▸ What you have to do:
Begin at the line containing "#37=DIRECTION('',(-1.,0.,0.));" in the data below and go on through the line containing "#48=DIRECTION('',(0.,-1.,0.));", repeating each line exactly; include both ends and no other line.

[Dataset records]
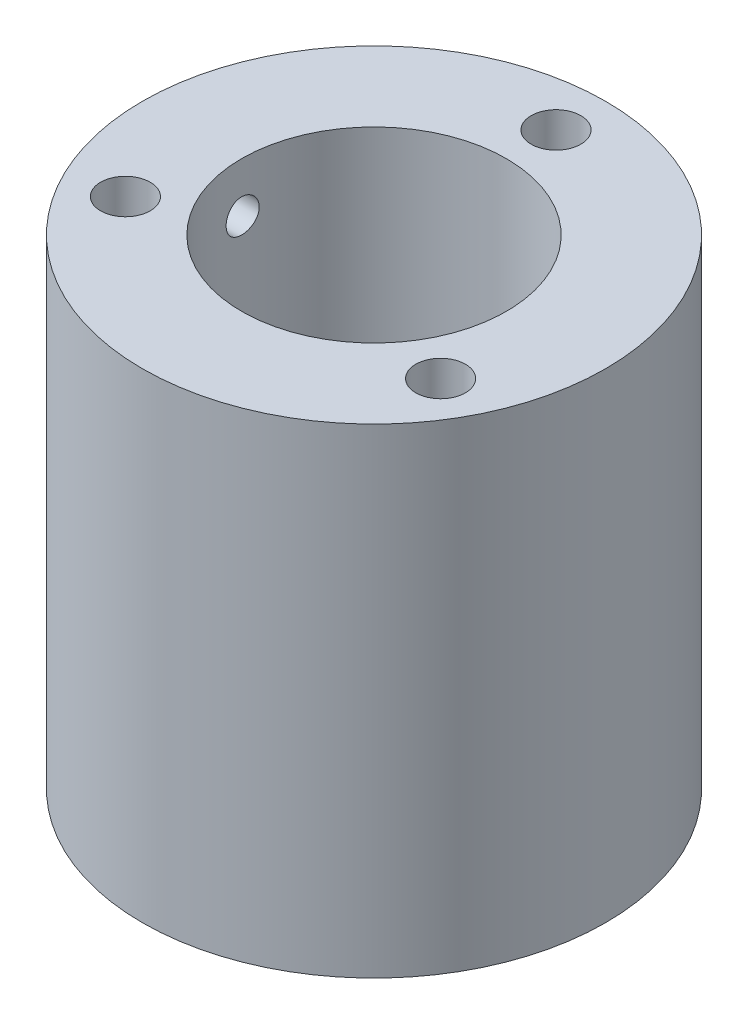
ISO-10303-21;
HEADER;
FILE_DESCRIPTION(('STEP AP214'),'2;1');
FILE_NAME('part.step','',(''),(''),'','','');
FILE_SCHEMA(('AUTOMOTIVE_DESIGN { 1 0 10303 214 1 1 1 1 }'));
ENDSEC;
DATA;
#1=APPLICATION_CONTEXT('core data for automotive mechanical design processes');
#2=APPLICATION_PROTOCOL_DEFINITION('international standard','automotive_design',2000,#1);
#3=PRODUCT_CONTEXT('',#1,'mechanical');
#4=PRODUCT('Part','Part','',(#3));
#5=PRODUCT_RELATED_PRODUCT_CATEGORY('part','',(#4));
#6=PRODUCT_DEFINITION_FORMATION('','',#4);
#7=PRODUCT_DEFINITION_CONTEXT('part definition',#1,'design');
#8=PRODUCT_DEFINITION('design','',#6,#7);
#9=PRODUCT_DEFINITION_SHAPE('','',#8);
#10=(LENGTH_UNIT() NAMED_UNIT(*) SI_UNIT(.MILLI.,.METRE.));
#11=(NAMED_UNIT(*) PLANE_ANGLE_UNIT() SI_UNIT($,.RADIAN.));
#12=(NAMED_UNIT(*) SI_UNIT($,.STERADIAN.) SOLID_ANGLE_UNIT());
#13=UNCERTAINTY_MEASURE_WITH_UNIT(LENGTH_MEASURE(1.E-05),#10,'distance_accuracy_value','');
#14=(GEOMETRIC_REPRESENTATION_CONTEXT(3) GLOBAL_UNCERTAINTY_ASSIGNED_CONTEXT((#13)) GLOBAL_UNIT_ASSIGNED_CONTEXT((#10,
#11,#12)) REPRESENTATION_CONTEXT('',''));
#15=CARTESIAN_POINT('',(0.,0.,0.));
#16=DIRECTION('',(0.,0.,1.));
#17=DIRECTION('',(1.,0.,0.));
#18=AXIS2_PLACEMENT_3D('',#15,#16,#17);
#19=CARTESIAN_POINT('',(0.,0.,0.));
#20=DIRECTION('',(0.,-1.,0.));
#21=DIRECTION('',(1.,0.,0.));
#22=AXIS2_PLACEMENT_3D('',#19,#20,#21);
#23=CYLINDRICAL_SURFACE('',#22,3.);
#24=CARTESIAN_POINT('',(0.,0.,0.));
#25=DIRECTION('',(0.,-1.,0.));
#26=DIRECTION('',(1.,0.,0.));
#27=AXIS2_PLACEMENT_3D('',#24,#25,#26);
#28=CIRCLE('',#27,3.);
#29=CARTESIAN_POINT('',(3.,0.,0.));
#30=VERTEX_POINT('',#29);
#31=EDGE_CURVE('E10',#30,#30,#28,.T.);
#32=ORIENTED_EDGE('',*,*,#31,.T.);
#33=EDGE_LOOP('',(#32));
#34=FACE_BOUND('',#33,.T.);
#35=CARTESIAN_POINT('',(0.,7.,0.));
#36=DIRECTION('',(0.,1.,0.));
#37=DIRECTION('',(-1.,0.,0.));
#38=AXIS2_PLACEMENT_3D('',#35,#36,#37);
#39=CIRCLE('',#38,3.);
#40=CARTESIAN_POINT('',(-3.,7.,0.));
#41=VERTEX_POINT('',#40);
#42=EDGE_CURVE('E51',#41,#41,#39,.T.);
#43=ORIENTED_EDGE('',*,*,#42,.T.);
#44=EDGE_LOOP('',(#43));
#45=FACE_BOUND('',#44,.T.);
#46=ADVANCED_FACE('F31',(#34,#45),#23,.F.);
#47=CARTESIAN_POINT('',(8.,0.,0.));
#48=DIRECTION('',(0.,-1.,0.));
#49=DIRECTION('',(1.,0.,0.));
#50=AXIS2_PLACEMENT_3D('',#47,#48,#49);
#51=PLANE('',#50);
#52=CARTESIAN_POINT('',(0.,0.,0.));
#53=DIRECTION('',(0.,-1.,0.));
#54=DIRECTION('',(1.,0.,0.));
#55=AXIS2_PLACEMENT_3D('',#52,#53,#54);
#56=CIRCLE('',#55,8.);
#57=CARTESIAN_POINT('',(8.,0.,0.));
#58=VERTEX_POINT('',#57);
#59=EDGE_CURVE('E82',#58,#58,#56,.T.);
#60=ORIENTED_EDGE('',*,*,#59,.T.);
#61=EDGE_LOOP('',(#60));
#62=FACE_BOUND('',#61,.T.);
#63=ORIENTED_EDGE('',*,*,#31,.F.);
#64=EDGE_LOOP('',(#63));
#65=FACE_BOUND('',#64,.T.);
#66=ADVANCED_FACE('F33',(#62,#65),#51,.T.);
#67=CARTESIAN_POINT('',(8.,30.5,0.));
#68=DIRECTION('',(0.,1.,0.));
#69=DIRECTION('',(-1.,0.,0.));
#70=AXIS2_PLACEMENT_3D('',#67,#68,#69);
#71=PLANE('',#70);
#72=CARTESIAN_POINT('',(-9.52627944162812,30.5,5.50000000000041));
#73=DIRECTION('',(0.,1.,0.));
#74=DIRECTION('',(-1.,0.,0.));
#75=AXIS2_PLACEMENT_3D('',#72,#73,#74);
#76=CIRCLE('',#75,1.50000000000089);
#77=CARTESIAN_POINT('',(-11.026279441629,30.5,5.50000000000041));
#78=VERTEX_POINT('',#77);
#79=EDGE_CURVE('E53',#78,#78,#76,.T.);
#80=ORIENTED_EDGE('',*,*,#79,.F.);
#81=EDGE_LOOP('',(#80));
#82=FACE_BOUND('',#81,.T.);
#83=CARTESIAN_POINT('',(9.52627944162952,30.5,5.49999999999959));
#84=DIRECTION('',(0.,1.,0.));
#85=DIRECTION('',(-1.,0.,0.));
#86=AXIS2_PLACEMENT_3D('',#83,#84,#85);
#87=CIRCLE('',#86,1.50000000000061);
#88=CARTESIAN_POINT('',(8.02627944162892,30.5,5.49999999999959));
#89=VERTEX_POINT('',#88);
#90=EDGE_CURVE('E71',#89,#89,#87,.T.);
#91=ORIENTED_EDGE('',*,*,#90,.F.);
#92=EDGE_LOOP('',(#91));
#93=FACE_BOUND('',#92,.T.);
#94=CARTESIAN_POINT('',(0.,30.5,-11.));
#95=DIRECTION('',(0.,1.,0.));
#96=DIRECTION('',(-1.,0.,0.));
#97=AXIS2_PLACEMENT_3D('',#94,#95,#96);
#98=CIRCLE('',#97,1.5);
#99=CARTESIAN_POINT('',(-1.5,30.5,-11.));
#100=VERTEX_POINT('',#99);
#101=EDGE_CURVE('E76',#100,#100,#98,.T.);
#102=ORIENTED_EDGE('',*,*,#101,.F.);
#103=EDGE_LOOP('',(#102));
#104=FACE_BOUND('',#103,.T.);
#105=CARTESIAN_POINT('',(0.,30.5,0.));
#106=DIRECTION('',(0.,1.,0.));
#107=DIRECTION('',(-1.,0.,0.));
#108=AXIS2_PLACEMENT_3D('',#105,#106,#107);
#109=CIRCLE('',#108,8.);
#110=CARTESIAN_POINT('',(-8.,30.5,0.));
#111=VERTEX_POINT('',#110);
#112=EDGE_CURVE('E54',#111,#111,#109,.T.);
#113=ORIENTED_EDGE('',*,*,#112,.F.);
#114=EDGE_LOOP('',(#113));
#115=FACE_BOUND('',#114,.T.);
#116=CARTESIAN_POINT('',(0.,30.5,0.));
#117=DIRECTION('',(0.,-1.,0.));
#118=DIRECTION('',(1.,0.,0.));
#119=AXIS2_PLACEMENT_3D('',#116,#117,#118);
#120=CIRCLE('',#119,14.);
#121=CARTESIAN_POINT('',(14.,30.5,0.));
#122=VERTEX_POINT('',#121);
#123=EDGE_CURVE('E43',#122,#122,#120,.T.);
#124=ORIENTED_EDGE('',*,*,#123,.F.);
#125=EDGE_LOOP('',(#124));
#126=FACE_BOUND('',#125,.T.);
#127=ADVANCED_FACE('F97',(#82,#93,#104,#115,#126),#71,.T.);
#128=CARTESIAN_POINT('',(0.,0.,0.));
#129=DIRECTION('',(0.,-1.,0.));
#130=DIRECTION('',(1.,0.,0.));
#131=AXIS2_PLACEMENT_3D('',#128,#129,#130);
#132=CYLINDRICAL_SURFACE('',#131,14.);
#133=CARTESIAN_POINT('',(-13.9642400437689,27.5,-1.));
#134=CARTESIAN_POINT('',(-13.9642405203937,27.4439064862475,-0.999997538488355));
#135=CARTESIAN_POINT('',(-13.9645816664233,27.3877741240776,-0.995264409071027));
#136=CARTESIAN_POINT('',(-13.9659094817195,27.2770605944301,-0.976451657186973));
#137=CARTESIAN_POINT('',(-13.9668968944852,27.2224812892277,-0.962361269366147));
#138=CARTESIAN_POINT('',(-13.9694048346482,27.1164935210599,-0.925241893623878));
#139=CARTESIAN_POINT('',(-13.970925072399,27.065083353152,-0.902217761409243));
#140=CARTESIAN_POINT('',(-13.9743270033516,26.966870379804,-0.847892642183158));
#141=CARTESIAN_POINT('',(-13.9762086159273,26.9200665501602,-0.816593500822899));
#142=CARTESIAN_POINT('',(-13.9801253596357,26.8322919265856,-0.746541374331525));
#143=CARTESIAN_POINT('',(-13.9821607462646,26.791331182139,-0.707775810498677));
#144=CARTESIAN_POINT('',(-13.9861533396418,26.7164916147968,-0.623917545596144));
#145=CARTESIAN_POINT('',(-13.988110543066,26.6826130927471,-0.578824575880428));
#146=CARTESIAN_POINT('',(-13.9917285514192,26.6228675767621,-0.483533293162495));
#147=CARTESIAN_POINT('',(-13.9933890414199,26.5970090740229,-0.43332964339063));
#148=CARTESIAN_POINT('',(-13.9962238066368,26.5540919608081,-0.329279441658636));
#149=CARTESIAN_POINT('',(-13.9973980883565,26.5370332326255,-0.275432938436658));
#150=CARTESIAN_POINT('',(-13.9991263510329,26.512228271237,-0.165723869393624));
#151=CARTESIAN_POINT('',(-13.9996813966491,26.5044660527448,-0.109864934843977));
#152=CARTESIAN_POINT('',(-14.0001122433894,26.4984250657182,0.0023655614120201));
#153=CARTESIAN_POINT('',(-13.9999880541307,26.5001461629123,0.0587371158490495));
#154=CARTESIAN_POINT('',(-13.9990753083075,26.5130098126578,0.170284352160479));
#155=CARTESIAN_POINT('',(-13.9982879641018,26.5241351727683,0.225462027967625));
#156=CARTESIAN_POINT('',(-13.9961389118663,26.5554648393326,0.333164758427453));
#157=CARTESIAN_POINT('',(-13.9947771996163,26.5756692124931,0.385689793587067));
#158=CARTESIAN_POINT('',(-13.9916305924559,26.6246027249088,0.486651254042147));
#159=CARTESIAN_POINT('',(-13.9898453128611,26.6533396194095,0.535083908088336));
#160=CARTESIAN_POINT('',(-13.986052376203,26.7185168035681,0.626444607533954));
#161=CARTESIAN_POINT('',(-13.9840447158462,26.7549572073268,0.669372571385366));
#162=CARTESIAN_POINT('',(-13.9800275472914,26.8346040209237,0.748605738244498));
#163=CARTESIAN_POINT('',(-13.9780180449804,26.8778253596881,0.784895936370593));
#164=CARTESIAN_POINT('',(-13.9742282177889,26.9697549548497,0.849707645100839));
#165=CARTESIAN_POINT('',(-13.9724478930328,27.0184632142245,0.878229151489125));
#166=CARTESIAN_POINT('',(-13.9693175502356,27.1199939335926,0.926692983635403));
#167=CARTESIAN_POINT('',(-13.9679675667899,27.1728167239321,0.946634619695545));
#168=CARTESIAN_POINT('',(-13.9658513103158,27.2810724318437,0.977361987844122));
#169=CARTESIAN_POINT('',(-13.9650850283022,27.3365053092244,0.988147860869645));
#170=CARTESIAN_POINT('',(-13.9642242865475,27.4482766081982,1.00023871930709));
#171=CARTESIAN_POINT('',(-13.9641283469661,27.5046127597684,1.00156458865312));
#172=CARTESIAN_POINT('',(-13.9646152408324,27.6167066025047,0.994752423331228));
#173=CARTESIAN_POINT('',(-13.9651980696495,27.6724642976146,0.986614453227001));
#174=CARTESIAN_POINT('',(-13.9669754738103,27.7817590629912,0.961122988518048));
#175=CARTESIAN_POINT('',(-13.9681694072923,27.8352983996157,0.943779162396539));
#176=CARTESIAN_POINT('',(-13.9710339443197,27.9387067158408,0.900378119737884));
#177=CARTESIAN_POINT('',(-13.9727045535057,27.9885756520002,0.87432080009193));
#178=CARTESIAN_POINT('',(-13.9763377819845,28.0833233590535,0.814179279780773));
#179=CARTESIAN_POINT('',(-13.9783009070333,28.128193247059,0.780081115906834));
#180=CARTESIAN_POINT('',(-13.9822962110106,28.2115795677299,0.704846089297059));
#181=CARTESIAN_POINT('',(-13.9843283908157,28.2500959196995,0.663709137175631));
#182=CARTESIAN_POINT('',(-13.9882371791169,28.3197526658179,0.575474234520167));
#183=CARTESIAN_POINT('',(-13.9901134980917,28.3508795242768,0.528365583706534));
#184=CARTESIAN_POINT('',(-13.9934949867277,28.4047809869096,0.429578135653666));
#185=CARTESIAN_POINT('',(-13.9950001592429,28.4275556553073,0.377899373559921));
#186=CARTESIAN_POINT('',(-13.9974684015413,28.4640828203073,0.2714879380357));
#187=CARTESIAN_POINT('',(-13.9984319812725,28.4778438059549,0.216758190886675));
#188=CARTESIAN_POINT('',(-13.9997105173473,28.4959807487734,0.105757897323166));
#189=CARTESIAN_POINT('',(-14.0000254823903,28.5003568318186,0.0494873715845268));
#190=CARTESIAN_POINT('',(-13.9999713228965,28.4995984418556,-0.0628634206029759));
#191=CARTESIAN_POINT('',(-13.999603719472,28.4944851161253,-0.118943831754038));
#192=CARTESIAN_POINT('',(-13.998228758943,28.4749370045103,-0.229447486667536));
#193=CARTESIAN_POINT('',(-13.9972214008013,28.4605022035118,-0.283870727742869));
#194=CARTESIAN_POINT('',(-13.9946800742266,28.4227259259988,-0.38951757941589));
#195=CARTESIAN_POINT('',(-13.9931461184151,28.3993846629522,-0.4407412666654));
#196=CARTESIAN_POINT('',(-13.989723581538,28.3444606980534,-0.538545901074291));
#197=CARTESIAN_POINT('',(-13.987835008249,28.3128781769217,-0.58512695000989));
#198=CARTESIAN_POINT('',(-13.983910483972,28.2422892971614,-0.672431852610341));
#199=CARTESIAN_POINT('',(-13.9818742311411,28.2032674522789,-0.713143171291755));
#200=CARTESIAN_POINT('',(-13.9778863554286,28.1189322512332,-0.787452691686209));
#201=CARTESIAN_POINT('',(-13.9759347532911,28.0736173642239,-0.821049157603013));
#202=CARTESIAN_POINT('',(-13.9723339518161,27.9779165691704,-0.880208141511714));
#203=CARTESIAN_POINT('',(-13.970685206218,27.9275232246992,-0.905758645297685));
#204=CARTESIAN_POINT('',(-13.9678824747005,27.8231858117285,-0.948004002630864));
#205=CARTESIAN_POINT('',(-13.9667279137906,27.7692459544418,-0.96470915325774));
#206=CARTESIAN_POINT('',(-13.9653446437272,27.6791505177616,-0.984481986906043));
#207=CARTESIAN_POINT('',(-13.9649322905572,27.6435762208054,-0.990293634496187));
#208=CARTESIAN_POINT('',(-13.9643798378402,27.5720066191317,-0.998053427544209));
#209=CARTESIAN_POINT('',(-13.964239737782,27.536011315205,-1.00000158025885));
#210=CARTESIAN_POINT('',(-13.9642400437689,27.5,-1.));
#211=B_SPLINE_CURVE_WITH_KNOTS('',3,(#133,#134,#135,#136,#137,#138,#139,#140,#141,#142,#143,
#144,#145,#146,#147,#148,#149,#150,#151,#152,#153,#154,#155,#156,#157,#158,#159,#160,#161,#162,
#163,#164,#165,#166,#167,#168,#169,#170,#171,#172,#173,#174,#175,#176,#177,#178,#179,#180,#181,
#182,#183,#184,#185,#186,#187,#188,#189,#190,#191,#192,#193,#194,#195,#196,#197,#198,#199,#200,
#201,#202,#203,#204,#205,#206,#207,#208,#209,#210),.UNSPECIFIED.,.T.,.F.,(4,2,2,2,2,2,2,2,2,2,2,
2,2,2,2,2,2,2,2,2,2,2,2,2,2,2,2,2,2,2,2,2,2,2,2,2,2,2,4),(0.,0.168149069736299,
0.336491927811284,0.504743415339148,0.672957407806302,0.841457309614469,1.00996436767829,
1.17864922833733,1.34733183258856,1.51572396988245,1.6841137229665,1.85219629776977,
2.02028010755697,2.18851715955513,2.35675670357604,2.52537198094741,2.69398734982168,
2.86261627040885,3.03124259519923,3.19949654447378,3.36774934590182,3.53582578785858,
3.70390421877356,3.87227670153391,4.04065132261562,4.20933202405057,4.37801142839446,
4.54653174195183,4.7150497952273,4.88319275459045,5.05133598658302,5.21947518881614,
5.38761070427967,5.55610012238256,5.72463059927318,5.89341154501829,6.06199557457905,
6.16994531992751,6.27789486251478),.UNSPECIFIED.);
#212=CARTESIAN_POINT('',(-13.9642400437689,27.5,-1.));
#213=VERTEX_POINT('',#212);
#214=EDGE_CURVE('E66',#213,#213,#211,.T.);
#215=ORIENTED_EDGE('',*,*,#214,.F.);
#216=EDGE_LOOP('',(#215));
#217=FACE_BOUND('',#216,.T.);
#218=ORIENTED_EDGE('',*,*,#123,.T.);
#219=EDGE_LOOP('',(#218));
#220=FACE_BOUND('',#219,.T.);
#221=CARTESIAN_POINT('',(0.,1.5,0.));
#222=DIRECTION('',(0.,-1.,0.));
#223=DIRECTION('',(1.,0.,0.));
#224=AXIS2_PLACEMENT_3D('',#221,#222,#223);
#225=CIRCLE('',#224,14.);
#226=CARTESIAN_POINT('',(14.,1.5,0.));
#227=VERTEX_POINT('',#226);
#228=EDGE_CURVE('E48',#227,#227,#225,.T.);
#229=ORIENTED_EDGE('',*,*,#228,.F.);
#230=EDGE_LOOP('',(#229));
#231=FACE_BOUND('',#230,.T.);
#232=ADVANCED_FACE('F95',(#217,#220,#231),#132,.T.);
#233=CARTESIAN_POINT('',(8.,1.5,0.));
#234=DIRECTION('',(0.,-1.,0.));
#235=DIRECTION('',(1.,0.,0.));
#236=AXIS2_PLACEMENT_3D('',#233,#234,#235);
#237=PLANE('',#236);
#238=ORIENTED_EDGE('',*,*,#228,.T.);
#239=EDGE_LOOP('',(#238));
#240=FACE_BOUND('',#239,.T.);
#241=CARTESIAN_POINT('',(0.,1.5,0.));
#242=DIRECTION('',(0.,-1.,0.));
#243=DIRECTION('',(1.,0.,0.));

▸ Answer for this exercise:
#37=DIRECTION('',(-1.,0.,0.));
#38=AXIS2_PLACEMENT_3D('',#35,#36,#37);
#39=CIRCLE('',#38,3.);
#40=CARTESIAN_POINT('',(-3.,7.,0.));
#41=VERTEX_POINT('',#40);
#42=EDGE_CURVE('E51',#41,#41,#39,.T.);
#43=ORIENTED_EDGE('',*,*,#42,.T.);
#44=EDGE_LOOP('',(#43));
#45=FACE_BOUND('',#44,.T.);
#46=ADVANCED_FACE('F31',(#34,#45),#23,.F.);
#47=CARTESIAN_POINT('',(8.,0.,0.));
#48=DIRECTION('',(0.,-1.,0.));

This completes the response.